On the subject of MELD score...it is frustrating for many reasons. We did not know that the doctors were taking into consideration fluid in the lungs or that that would increase a MELD score. We quickly found out that it was us that had to ask the right questions or we would never know these things other that the brochures they give us. Luckily my sister is an amazing nurse that realized the conventional medical system is imperfect and I am in medical school, so we both ask so many questions. Plus my mother (a retired librarian) has become very versed, medically, and knows very much about all that is happening. This has been very useful especially lately. Your comments on the TIPS shunt were very interesting. The doctors pretty much sold us on this as well as the research. It did actually help quite a bit for the 2 years it is said to last. I think we are going on the 5th or 6th year now with it and they have have to "open" it up once with a minor surgery.
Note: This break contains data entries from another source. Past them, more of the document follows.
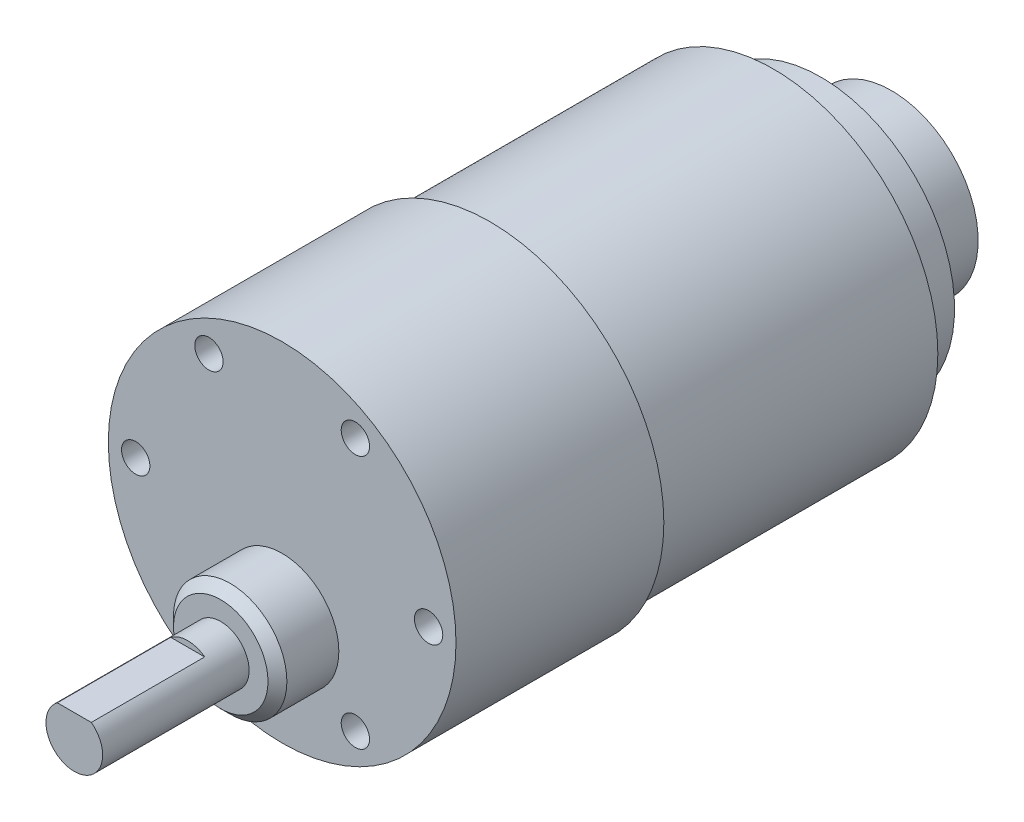
ISO-10303-21;
HEADER;
FILE_DESCRIPTION(('STEP AP214'),'2;1');
FILE_NAME('part.step','',(''),(''),'','','');
FILE_SCHEMA(('AUTOMOTIVE_DESIGN { 1 0 10303 214 1 1 1 1 }'));
ENDSEC;
DATA;
#1=APPLICATION_CONTEXT('core data for automotive mechanical design processes');
#2=APPLICATION_PROTOCOL_DEFINITION('international standard','automotive_design',2000,#1);
#3=PRODUCT_CONTEXT('',#1,'mechanical');
#4=PRODUCT('Part','Part','',(#3));
#5=PRODUCT_RELATED_PRODUCT_CATEGORY('part','',(#4));
#6=PRODUCT_DEFINITION_FORMATION('','',#4);
#7=PRODUCT_DEFINITION_CONTEXT('part definition',#1,'design');
#8=PRODUCT_DEFINITION('design','',#6,#7);
#9=PRODUCT_DEFINITION_SHAPE('','',#8);
#10=(LENGTH_UNIT() NAMED_UNIT(*) SI_UNIT(.MILLI.,.METRE.));
#11=(NAMED_UNIT(*) PLANE_ANGLE_UNIT() SI_UNIT($,.RADIAN.));
#12=(NAMED_UNIT(*) SI_UNIT($,.STERADIAN.) SOLID_ANGLE_UNIT());
#13=UNCERTAINTY_MEASURE_WITH_UNIT(LENGTH_MEASURE(1.E-05),#10,'distance_accuracy_value','');
#14=(GEOMETRIC_REPRESENTATION_CONTEXT(3) GLOBAL_UNCERTAINTY_ASSIGNED_CONTEXT((#13)) GLOBAL_UNIT_ASSIGNED_CONTEXT((#10,
#11,#12)) REPRESENTATION_CONTEXT('',''));
#15=CARTESIAN_POINT('',(0.,0.,0.));
#16=DIRECTION('',(0.,0.,1.));
#17=DIRECTION('',(1.,0.,0.));
#18=AXIS2_PLACEMENT_3D('',#15,#16,#17);
#19=CARTESIAN_POINT('',(0.,0.,-30.));
#20=DIRECTION('',(0.,0.,-1.));
#21=DIRECTION('',(-1.,0.,0.));
#22=AXIS2_PLACEMENT_3D('',#19,#20,#21);
#23=PLANE('',#22);
#24=CARTESIAN_POINT('',(0.,0.,-30.));
#25=DIRECTION('',(0.,0.,-1.));
#26=DIRECTION('',(-1.,0.,0.));
#27=AXIS2_PLACEMENT_3D('',#24,#25,#26);
#28=CIRCLE('',#27,17.4);
#29=CARTESIAN_POINT('',(-17.4,0.,-30.));
#30=VERTEX_POINT('',#29);
#31=EDGE_CURVE('E79',#30,#30,#28,.T.);
#32=ORIENTED_EDGE('',*,*,#31,.T.);
#33=EDGE_LOOP('',(#32));
#34=FACE_BOUND('',#33,.T.);
#35=CARTESIAN_POINT('',(0.,0.,-30.));
#36=DIRECTION('',(0.,0.,-1.));
#37=DIRECTION('',(-1.,0.,0.));
#38=AXIS2_PLACEMENT_3D('',#35,#36,#37);
#39=CIRCLE('',#38,14.1682647847948);
#40=CARTESIAN_POINT('',(-14.1682647847948,0.,-30.));
#41=VERTEX_POINT('',#40);
#42=EDGE_CURVE('E399',#41,#41,#39,.T.);
#43=ORIENTED_EDGE('',*,*,#42,.F.);
#44=EDGE_LOOP('',(#43));
#45=FACE_BOUND('',#44,.T.);
#46=ADVANCED_FACE('F36',(#34,#45),#23,.T.);
#47=CARTESIAN_POINT('',(0.,-7.,44.));
#48=DIRECTION('',(0.,0.,-1.));
#49=DIRECTION('',(-1.,0.,0.));
#50=AXIS2_PLACEMENT_3D('',#47,#48,#49);
#51=CYLINDRICAL_SURFACE('',#50,3.);
#52=CARTESIAN_POINT('',(0.,-7.,28.5));
#53=DIRECTION('',(0.,0.,1.));
#54=DIRECTION('',(1.,0.,0.));
#55=AXIS2_PLACEMENT_3D('',#52,#53,#54);
#56=CIRCLE('',#55,3.);
#57=CARTESIAN_POINT('',(3.,-7.,28.5));
#58=VERTEX_POINT('',#57);
#59=EDGE_CURVE('E73',#58,#58,#56,.T.);
#60=ORIENTED_EDGE('',*,*,#59,.T.);
#61=EDGE_LOOP('',(#60));
#62=FACE_BOUND('',#61,.T.);
#63=DIRECTION('',(0.,0.,-1.));
#64=VECTOR('',#63,1.);
#65=CARTESIAN_POINT('',(1.8,-4.6,44.));
#66=LINE('',#65,#64);
#67=CARTESIAN_POINT('',(1.8,-4.6,44.));
#68=VERTEX_POINT('',#67);
#69=CARTESIAN_POINT('',(1.8,-4.6,32.));
#70=VERTEX_POINT('',#69);
#71=EDGE_CURVE('E64',#68,#70,#66,.T.);
#72=ORIENTED_EDGE('',*,*,#71,.F.);
#73=CARTESIAN_POINT('',(0.,-7.,44.));
#74=DIRECTION('',(0.,0.,1.));
#75=DIRECTION('',(1.,0.,0.));
#76=AXIS2_PLACEMENT_3D('',#73,#74,#75);
#77=CIRCLE('',#76,3.);
#78=CARTESIAN_POINT('',(-1.8,-4.6,44.));
#79=VERTEX_POINT('',#78);
#80=EDGE_CURVE('E72',#79,#68,#77,.T.);
#81=ORIENTED_EDGE('',*,*,#80,.F.);
#82=DIRECTION('',(0.,0.,-1.));
#83=VECTOR('',#82,1.);
#84=CARTESIAN_POINT('',(-1.8,-4.6,44.));
#85=LINE('',#84,#83);
#86=CARTESIAN_POINT('',(-1.8,-4.6,32.));
#87=VERTEX_POINT('',#86);
#88=EDGE_CURVE('E52',#87,#79,#85,.F.);
#89=ORIENTED_EDGE('',*,*,#88,.F.);
#90=CARTESIAN_POINT('',(0.,-7.,32.));
#91=DIRECTION('',(0.,0.,1.));
#92=DIRECTION('',(1.,0.,0.));
#93=AXIS2_PLACEMENT_3D('',#90,#91,#92);
#94=CIRCLE('',#93,3.);
#95=EDGE_CURVE('E11',#70,#87,#94,.T.);
#96=ORIENTED_EDGE('',*,*,#95,.F.);
#97=EDGE_LOOP('',(#72,#81,#89,#96));
#98=FACE_BOUND('',#97,.T.);
#99=ADVANCED_FACE('F71',(#62,#98),#51,.T.);
#100=CARTESIAN_POINT('',(0.,-7.,44.));
#101=DIRECTION('',(0.,0.,1.));
#102=DIRECTION('',(1.,0.,0.));
#103=AXIS2_PLACEMENT_3D('',#100,#101,#102);
#104=PLANE('',#103);
#105=ORIENTED_EDGE('',*,*,#80,.T.);
#106=DIRECTION('',(-1.,0.,0.));
#107=VECTOR('',#106,1.);
#108=CARTESIAN_POINT('',(0.,-4.6,44.));
#109=LINE('',#108,#107);
#110=EDGE_CURVE('E45',#68,#79,#109,.T.);
#111=ORIENTED_EDGE('',*,*,#110,.T.);
#112=EDGE_LOOP('',(#105,#111));
#113=FACE_BOUND('',#112,.T.);
#114=ADVANCED_FACE('F75',(#113),#104,.T.);
#115=CARTESIAN_POINT('',(0.,-7.,28.5));
#116=DIRECTION('',(0.,0.,1.));
#117=DIRECTION('',(1.,0.,0.));
#118=AXIS2_PLACEMENT_3D('',#115,#116,#117);
#119=PLANE('',#118);
#120=CARTESIAN_POINT('',(0.,-7.,28.5));
#121=DIRECTION('',(0.,0.,1.));
#122=DIRECTION('',(1.,0.,0.));
#123=AXIS2_PLACEMENT_3D('',#120,#121,#122);
#124=CIRCLE('',#123,5.00000000000005);
#125=CARTESIAN_POINT('',(5.00000000000005,-7.,28.5));
#126=VERTEX_POINT('',#125);
#127=EDGE_CURVE('E96',#126,#126,#124,.T.);
#128=ORIENTED_EDGE('',*,*,#127,.T.);
#129=EDGE_LOOP('',(#128));
#130=FACE_BOUND('',#129,.T.);
#131=ORIENTED_EDGE('',*,*,#59,.F.);
#132=EDGE_LOOP('',(#131));
#133=FACE_BOUND('',#132,.T.);
#134=ADVANCED_FACE('F110',(#130,#133),#119,.T.);
#135=CARTESIAN_POINT('',(0.,0.,22.));
#136=DIRECTION('',(0.,0.,1.));
#137=DIRECTION('',(1.,0.,0.));
#138=AXIS2_PLACEMENT_3D('',#135,#136,#137);
#139=PLANE('',#138);
#140=CARTESIAN_POINT('',(7.75,-13.4233937586588,22.));
#141=DIRECTION('',(0.,0.,1.));
#142=DIRECTION('',(1.,0.,0.));
#143=AXIS2_PLACEMENT_3D('',#140,#141,#142);
#144=CIRCLE('',#143,1.5);
#145=CARTESIAN_POINT('',(9.25,-13.4233937586588,22.));
#146=VERTEX_POINT('',#145);
#147=EDGE_CURVE('E391',#146,#146,#144,.T.);
#148=ORIENTED_EDGE('',*,*,#147,.F.);
#149=EDGE_LOOP('',(#148));
#150=FACE_BOUND('',#149,.T.);
#151=CARTESIAN_POINT('',(-7.75,-13.4233937586588,22.));
#152=DIRECTION('',(0.,0.,1.));
#153=DIRECTION('',(1.,0.,0.));
#154=AXIS2_PLACEMENT_3D('',#151,#152,#153);
#155=CIRCLE('',#154,1.5);
#156=CARTESIAN_POINT('',(-6.25,-13.4233937586588,22.));
#157=VERTEX_POINT('',#156);
#158=EDGE_CURVE('E402',#157,#157,#155,.T.);
#159=ORIENTED_EDGE('',*,*,#158,.F.);
#160=EDGE_LOOP('',(#159));
#161=FACE_BOUND('',#160,.T.);
#162=CARTESIAN_POINT('',(-15.5,0.,22.));
#163=DIRECTION('',(0.,0.,1.));
#164=DIRECTION('',(1.,0.,0.));
#165=AXIS2_PLACEMENT_3D('',#162,#163,#164);
#166=CIRCLE('',#165,1.5);
#167=CARTESIAN_POINT('',(-14.,0.,22.));
#168=VERTEX_POINT('',#167);
#169=EDGE_CURVE('E407',#168,#168,#166,.T.);
#170=ORIENTED_EDGE('',*,*,#169,.F.);
#171=EDGE_LOOP('',(#170));
#172=FACE_BOUND('',#171,.T.);
#173=CARTESIAN_POINT('',(15.5,0.,22.));
#174=DIRECTION('',(0.,0.,1.));
#175=DIRECTION('',(1.,0.,0.));
#176=AXIS2_PLACEMENT_3D('',#173,#174,#175);
#177=CIRCLE('',#176,1.5);
#178=CARTESIAN_POINT('',(17.,0.,22.));
#179=VERTEX_POINT('',#178);
#180=EDGE_CURVE('E413',#179,#179,#177,.T.);
#181=ORIENTED_EDGE('',*,*,#180,.F.);
#182=EDGE_LOOP('',(#181));
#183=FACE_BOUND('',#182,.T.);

Plus they think it is the sight of a "smoldering" infection. They did the TIPS procedure thinking that he would get a liver in a couple of years. Now it could be a bad thing...?
Well anyway. Thank you for your comments and good luck.
Seth

exhaused
Regular Member


Date Joined Nov 2007
Total Posts : 445
   Posted Today 10:36 PM (GMT -7)   

Seth

I love your post.  You are very articulate and helpfull.  I== like your mother have spent many hours reading and trying to understand this disease.  Not being in the medical field has made it much harder for me.  But I too am surrounded by a great support system of family and friends.  Our adult children do read as much as they have time about this horrible disease.  As I tell our friends it consumes all of my time.  Our world is now all about ESLD.  Its all we now have time for.  That and trips to the ER and Dr.  Not to mention the three hour drive to Vanderbilt every 90 days.  That is until something life threatening happens.  This month we are deep in to blood transfusions.  They are coming every two weeks now and it is taking two to three to get his HCT up so he can at least function.  Next week back to Vanderbilt for a scope.  To try and find the bleeds.  They have told us they may not find any.  I'm not sure if that is good or bad news.  I think his MELD should be rising this month as both legs are swollen to the point of seeping fluid>  Yes, it is horrible.  I do try and take care of myself.  At least the best I can as I watch my best friend suffering so.  Thank you Seth for you imput and I hope you continue to inform us.  I am very interested in the nutrician part of it.  As I have a brother that is a quad.  He was educated at the Univ of Wash. 20 yrs ago when he had his accident. They trained him very will on nutrician.  His life expectancy at that time was 10 yrs.  They did do a good job.